__WHAT YOU WILL DO__
Your task is to copy the stretch of lines in the records below that begins with the line containing "#331=VECTOR('',#330,1.);" and ends with the line containing "#370=VECTOR('',#369,1.);", exactly as written, with nothing added.

*** INPUT FOR THIS TASK ***

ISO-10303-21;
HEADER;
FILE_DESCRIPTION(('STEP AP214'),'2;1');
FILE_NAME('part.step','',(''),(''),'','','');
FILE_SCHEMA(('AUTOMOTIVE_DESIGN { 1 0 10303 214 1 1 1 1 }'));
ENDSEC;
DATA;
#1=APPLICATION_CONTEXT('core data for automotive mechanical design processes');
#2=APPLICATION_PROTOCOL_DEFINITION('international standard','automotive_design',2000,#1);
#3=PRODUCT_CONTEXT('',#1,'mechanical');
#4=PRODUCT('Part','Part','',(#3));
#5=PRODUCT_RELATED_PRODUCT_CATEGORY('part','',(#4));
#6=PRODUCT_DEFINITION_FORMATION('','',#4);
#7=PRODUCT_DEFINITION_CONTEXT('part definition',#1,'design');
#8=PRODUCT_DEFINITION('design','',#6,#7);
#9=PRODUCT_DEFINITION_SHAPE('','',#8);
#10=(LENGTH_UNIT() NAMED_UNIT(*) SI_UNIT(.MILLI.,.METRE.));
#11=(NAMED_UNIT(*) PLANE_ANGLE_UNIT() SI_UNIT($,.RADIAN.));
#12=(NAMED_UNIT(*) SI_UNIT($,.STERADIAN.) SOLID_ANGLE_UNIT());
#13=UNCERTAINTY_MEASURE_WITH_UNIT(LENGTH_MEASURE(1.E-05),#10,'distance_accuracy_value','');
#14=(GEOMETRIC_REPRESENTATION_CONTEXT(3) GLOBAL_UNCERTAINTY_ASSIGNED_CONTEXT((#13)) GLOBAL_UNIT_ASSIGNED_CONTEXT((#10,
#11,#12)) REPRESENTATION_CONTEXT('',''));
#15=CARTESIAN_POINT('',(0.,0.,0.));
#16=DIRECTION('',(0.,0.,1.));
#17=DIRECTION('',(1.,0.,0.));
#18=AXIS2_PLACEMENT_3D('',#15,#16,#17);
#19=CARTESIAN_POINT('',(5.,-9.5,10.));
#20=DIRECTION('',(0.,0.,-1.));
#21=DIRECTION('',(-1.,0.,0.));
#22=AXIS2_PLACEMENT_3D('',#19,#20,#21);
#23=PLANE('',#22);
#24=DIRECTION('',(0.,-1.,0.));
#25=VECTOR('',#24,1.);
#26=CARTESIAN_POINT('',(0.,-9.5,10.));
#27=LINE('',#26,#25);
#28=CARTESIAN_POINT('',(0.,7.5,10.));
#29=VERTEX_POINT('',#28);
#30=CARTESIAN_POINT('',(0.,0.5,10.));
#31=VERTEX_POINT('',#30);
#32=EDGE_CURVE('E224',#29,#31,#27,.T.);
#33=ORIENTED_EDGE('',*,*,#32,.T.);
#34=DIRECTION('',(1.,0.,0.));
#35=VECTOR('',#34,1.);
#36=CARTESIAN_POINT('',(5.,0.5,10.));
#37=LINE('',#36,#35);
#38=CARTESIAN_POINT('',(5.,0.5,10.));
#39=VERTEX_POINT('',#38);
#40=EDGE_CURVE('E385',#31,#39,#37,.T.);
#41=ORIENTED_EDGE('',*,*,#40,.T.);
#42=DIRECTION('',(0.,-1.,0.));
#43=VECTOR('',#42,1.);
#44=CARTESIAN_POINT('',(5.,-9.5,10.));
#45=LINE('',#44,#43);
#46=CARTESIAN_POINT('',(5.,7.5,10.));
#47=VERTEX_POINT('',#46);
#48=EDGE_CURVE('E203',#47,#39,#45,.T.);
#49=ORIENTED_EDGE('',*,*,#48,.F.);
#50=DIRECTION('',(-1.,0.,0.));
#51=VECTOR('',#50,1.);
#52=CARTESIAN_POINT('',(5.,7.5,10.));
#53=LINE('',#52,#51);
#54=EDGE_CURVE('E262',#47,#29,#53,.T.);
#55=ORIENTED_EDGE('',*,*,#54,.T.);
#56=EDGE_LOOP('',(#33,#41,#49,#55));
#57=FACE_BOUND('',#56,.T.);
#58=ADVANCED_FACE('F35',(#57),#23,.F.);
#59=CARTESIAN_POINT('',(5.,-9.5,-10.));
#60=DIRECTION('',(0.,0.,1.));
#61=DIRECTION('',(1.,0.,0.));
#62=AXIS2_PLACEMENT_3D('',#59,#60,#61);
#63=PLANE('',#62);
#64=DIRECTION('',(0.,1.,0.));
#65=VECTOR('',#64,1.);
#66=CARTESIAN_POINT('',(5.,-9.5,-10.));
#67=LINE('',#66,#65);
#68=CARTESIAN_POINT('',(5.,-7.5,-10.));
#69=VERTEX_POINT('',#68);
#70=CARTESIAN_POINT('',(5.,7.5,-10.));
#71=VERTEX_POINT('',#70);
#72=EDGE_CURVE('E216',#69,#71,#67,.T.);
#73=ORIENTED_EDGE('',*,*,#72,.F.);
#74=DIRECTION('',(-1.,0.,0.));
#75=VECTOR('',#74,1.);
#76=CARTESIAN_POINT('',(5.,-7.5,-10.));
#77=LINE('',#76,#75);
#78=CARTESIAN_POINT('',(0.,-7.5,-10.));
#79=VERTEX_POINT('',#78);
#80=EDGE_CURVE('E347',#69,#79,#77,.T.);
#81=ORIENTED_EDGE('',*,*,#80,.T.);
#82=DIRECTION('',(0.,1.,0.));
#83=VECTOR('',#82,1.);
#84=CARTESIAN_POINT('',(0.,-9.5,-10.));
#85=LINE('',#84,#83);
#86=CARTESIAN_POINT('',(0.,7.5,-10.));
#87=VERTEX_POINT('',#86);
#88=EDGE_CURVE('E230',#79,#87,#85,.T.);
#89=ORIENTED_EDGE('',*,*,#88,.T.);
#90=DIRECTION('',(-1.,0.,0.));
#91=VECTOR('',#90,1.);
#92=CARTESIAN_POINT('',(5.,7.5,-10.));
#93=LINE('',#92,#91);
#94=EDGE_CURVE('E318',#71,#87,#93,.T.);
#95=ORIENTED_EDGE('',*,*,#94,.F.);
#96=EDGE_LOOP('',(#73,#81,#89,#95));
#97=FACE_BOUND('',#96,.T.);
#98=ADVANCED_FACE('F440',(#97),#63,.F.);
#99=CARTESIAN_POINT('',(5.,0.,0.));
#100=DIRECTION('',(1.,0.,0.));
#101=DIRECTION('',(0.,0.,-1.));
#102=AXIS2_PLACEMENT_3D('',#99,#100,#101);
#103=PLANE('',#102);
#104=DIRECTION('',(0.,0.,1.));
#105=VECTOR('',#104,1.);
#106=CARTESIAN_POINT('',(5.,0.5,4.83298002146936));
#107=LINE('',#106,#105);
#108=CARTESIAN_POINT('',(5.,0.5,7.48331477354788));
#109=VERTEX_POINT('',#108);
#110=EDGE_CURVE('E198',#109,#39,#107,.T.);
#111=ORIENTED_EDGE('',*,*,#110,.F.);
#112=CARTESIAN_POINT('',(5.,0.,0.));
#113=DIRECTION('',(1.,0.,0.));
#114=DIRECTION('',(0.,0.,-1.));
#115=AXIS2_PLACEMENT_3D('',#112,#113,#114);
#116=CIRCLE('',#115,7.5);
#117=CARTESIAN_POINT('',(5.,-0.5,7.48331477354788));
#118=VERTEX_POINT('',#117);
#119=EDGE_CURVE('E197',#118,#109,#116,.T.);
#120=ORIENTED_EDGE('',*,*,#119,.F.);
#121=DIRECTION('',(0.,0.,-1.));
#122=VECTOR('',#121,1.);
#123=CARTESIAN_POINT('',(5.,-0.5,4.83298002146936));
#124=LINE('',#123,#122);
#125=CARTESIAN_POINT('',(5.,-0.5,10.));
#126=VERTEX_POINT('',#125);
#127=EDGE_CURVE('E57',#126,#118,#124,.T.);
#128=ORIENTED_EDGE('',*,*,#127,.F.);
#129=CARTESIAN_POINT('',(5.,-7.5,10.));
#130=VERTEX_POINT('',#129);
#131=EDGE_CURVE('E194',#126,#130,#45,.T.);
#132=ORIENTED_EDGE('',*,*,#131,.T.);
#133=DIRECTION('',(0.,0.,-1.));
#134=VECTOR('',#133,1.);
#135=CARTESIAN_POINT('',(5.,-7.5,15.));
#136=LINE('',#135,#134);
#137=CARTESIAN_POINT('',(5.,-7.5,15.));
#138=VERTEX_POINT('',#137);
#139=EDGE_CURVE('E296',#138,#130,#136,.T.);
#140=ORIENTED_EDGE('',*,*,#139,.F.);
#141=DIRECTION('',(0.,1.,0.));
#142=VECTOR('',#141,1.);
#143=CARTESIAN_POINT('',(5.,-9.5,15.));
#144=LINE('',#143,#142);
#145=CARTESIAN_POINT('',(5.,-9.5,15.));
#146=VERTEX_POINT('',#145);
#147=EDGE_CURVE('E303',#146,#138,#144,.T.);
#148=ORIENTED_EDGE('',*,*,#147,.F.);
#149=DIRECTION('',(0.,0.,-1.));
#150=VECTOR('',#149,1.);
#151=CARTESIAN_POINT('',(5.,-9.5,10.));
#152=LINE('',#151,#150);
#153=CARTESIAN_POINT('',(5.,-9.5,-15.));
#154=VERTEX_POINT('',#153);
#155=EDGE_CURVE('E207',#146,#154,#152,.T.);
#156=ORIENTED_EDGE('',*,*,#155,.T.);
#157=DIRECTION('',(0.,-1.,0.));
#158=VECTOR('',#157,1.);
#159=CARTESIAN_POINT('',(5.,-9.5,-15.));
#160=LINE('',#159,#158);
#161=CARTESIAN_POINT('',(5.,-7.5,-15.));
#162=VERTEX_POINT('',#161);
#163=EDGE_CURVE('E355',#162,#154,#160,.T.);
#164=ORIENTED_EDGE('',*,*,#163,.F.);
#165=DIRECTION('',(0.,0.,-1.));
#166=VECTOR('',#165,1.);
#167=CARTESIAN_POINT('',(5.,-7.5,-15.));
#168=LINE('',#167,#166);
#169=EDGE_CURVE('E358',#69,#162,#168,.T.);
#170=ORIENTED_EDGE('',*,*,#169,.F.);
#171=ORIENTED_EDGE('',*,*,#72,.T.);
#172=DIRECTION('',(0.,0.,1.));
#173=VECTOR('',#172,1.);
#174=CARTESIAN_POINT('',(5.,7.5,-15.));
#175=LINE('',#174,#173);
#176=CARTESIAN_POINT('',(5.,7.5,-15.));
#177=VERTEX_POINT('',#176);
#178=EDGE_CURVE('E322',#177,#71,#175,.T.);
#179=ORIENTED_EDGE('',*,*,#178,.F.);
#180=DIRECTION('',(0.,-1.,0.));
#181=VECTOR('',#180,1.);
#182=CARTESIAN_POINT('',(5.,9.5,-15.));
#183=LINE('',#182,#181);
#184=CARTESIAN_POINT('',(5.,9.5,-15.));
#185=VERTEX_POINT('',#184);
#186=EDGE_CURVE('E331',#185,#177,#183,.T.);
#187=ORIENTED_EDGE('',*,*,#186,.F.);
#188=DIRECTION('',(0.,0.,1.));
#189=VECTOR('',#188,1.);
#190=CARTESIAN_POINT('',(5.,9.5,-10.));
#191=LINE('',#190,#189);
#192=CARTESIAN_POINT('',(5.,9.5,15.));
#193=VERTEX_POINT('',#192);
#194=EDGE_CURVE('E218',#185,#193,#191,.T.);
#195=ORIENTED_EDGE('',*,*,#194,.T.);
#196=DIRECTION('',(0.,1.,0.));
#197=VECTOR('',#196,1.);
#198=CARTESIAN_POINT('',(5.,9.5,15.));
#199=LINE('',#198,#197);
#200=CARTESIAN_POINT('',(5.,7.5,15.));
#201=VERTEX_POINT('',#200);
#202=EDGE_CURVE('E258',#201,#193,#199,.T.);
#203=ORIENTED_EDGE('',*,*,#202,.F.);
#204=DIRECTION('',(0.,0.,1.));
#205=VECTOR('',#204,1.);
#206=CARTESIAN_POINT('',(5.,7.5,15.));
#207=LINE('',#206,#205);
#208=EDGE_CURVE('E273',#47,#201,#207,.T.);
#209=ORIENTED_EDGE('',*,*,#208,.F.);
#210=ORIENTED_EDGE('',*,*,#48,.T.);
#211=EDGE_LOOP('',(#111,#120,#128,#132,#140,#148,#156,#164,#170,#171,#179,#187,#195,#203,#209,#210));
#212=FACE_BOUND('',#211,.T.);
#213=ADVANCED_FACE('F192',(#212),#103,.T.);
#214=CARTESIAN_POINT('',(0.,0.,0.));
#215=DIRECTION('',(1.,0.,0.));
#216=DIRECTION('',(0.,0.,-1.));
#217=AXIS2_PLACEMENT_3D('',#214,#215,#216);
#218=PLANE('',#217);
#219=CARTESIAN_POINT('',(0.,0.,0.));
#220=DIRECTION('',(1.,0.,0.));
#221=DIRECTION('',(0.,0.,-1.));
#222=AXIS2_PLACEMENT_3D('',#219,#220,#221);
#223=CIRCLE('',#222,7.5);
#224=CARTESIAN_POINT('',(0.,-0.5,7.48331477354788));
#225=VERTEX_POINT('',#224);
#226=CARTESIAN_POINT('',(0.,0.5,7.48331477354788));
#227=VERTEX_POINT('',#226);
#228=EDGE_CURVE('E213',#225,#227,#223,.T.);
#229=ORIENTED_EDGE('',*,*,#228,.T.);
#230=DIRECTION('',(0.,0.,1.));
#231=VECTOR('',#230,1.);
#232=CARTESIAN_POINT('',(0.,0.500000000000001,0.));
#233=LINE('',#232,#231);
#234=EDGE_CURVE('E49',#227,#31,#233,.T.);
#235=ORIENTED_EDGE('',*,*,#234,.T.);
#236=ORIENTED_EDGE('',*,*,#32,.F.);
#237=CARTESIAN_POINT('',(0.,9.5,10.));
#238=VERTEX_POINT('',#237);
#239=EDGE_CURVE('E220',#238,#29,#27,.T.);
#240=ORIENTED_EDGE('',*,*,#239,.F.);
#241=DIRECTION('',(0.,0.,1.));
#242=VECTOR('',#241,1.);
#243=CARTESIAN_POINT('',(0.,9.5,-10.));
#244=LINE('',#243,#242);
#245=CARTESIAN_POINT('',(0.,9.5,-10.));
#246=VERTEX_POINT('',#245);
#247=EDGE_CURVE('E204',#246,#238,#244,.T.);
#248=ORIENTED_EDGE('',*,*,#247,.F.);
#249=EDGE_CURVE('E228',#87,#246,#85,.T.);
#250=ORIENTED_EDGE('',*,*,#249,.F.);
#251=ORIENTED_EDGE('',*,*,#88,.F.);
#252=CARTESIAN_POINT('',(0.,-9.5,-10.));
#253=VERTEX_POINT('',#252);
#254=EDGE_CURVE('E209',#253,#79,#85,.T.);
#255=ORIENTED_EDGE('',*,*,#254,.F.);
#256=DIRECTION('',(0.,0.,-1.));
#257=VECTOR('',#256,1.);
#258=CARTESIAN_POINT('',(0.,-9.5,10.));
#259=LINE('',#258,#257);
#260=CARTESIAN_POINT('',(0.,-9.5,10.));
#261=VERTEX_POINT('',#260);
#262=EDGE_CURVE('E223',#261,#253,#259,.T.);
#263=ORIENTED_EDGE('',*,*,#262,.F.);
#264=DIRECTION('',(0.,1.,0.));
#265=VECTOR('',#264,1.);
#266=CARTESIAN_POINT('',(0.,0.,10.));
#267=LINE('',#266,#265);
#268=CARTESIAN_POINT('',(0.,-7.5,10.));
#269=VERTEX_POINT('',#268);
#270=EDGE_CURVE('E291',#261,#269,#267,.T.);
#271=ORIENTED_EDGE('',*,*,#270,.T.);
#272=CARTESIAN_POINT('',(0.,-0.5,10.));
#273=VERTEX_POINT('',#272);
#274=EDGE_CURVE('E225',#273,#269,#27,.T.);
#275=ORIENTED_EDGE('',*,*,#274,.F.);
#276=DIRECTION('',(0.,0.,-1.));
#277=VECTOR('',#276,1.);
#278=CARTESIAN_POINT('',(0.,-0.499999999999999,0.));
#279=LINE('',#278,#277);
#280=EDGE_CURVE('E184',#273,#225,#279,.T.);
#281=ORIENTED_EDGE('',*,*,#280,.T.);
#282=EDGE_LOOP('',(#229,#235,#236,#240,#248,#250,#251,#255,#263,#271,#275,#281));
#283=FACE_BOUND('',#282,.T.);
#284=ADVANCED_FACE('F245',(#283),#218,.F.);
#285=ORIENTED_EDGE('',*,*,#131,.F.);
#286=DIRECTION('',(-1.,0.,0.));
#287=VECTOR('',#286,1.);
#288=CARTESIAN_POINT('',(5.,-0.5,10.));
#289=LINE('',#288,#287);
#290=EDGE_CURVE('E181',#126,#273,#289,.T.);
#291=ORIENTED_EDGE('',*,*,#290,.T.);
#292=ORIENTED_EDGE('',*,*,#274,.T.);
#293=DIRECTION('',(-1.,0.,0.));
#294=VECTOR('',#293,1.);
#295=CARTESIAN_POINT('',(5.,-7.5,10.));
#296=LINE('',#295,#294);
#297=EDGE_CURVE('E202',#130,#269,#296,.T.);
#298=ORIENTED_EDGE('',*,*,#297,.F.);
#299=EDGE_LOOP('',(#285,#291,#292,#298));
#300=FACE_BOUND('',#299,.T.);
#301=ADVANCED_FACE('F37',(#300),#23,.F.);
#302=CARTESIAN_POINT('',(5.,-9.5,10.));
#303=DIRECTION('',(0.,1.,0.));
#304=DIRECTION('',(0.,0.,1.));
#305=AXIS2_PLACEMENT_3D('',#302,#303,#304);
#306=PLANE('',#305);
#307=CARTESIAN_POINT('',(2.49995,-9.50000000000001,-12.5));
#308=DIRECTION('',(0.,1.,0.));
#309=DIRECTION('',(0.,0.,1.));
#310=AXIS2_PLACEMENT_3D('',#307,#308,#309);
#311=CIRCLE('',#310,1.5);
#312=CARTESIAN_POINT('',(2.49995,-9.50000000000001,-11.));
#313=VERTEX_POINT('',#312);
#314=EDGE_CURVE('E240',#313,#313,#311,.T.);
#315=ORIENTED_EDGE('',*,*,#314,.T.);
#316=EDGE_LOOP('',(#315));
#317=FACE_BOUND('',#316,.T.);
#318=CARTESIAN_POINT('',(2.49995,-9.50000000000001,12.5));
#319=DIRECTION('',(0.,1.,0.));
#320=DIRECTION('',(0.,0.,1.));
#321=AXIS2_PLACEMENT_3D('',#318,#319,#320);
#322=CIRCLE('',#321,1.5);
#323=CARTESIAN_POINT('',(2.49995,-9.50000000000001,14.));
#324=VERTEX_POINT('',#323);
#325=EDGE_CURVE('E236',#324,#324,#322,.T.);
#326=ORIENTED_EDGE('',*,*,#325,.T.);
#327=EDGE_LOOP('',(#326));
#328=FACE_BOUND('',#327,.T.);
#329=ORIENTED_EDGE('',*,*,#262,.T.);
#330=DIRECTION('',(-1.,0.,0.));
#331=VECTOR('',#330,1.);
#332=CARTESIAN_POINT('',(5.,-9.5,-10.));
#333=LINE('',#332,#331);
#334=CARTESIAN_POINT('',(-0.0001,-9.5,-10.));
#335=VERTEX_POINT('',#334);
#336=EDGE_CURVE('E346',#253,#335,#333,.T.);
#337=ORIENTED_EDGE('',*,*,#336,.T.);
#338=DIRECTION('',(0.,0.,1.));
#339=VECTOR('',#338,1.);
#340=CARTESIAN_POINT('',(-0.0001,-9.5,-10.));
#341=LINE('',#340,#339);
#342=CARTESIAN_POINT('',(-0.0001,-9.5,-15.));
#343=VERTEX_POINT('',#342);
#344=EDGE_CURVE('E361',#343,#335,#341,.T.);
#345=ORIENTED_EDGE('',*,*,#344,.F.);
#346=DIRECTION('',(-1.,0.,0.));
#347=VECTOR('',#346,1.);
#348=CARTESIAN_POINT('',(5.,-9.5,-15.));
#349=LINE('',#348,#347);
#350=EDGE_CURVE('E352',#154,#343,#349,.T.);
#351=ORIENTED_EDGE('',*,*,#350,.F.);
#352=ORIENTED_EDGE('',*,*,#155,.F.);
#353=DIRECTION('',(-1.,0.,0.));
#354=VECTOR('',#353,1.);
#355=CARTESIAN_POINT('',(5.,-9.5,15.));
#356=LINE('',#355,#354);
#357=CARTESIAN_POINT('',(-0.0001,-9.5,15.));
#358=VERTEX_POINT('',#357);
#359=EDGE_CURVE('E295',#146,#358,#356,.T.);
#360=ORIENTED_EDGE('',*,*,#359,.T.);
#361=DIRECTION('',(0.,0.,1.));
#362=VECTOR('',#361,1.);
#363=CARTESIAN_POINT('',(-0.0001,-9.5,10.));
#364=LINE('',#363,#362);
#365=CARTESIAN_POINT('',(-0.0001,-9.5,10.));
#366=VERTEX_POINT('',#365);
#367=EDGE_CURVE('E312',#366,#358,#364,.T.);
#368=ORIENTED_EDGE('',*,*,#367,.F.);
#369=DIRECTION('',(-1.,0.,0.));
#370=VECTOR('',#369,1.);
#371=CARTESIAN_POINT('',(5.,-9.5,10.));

*** End of INPUT FOR THIS TASK ***

__SOLUTION FOR THIS EXERCISE__
#331=VECTOR('',#330,1.);
#332=CARTESIAN_POINT('',(5.,-9.5,-10.));
#333=LINE('',#332,#331);
#334=CARTESIAN_POINT('',(-0.0001,-9.5,-10.));
#335=VERTEX_POINT('',#334);
#336=EDGE_CURVE('E346',#253,#335,#333,.T.);
#337=ORIENTED_EDGE('',*,*,#336,.T.);
#338=DIRECTION('',(0.,0.,1.));
#339=VECTOR('',#338,1.);
#340=CARTESIAN_POINT('',(-0.0001,-9.5,-10.));
#341=LINE('',#340,#339);
#342=CARTESIAN_POINT('',(-0.0001,-9.5,-15.));
#343=VERTEX_POINT('',#342);
#344=EDGE_CURVE('E361',#343,#335,#341,.T.);
#345=ORIENTED_EDGE('',*,*,#344,.F.);
#346=DIRECTION('',(-1.,0.,0.));
#347=VECTOR('',#346,1.);
#348=CARTESIAN_POINT('',(5.,-9.5,-15.));
#349=LINE('',#348,#347);
#350=EDGE_CURVE('E352',#154,#343,#349,.T.);
#351=ORIENTED_EDGE('',*,*,#350,.F.);
#352=ORIENTED_EDGE('',*,*,#155,.F.);
#353=DIRECTION('',(-1.,0.,0.));
#354=VECTOR('',#353,1.);
#355=CARTESIAN_POINT('',(5.,-9.5,15.));
#356=LINE('',#355,#354);
#357=CARTESIAN_POINT('',(-0.0001,-9.5,15.));
#358=VERTEX_POINT('',#357);
#359=EDGE_CURVE('E295',#146,#358,#356,.T.);
#360=ORIENTED_EDGE('',*,*,#359,.T.);
#361=DIRECTION('',(0.,0.,1.));
#362=VECTOR('',#361,1.);
#363=CARTESIAN_POINT('',(-0.0001,-9.5,10.));
#364=LINE('',#363,#362);
#365=CARTESIAN_POINT('',(-0.0001,-9.5,10.));
#366=VERTEX_POINT('',#365);
#367=EDGE_CURVE('E312',#366,#358,#364,.T.);
#368=ORIENTED_EDGE('',*,*,#367,.F.);
#369=DIRECTION('',(-1.,0.,0.));
#370=VECTOR('',#369,1.);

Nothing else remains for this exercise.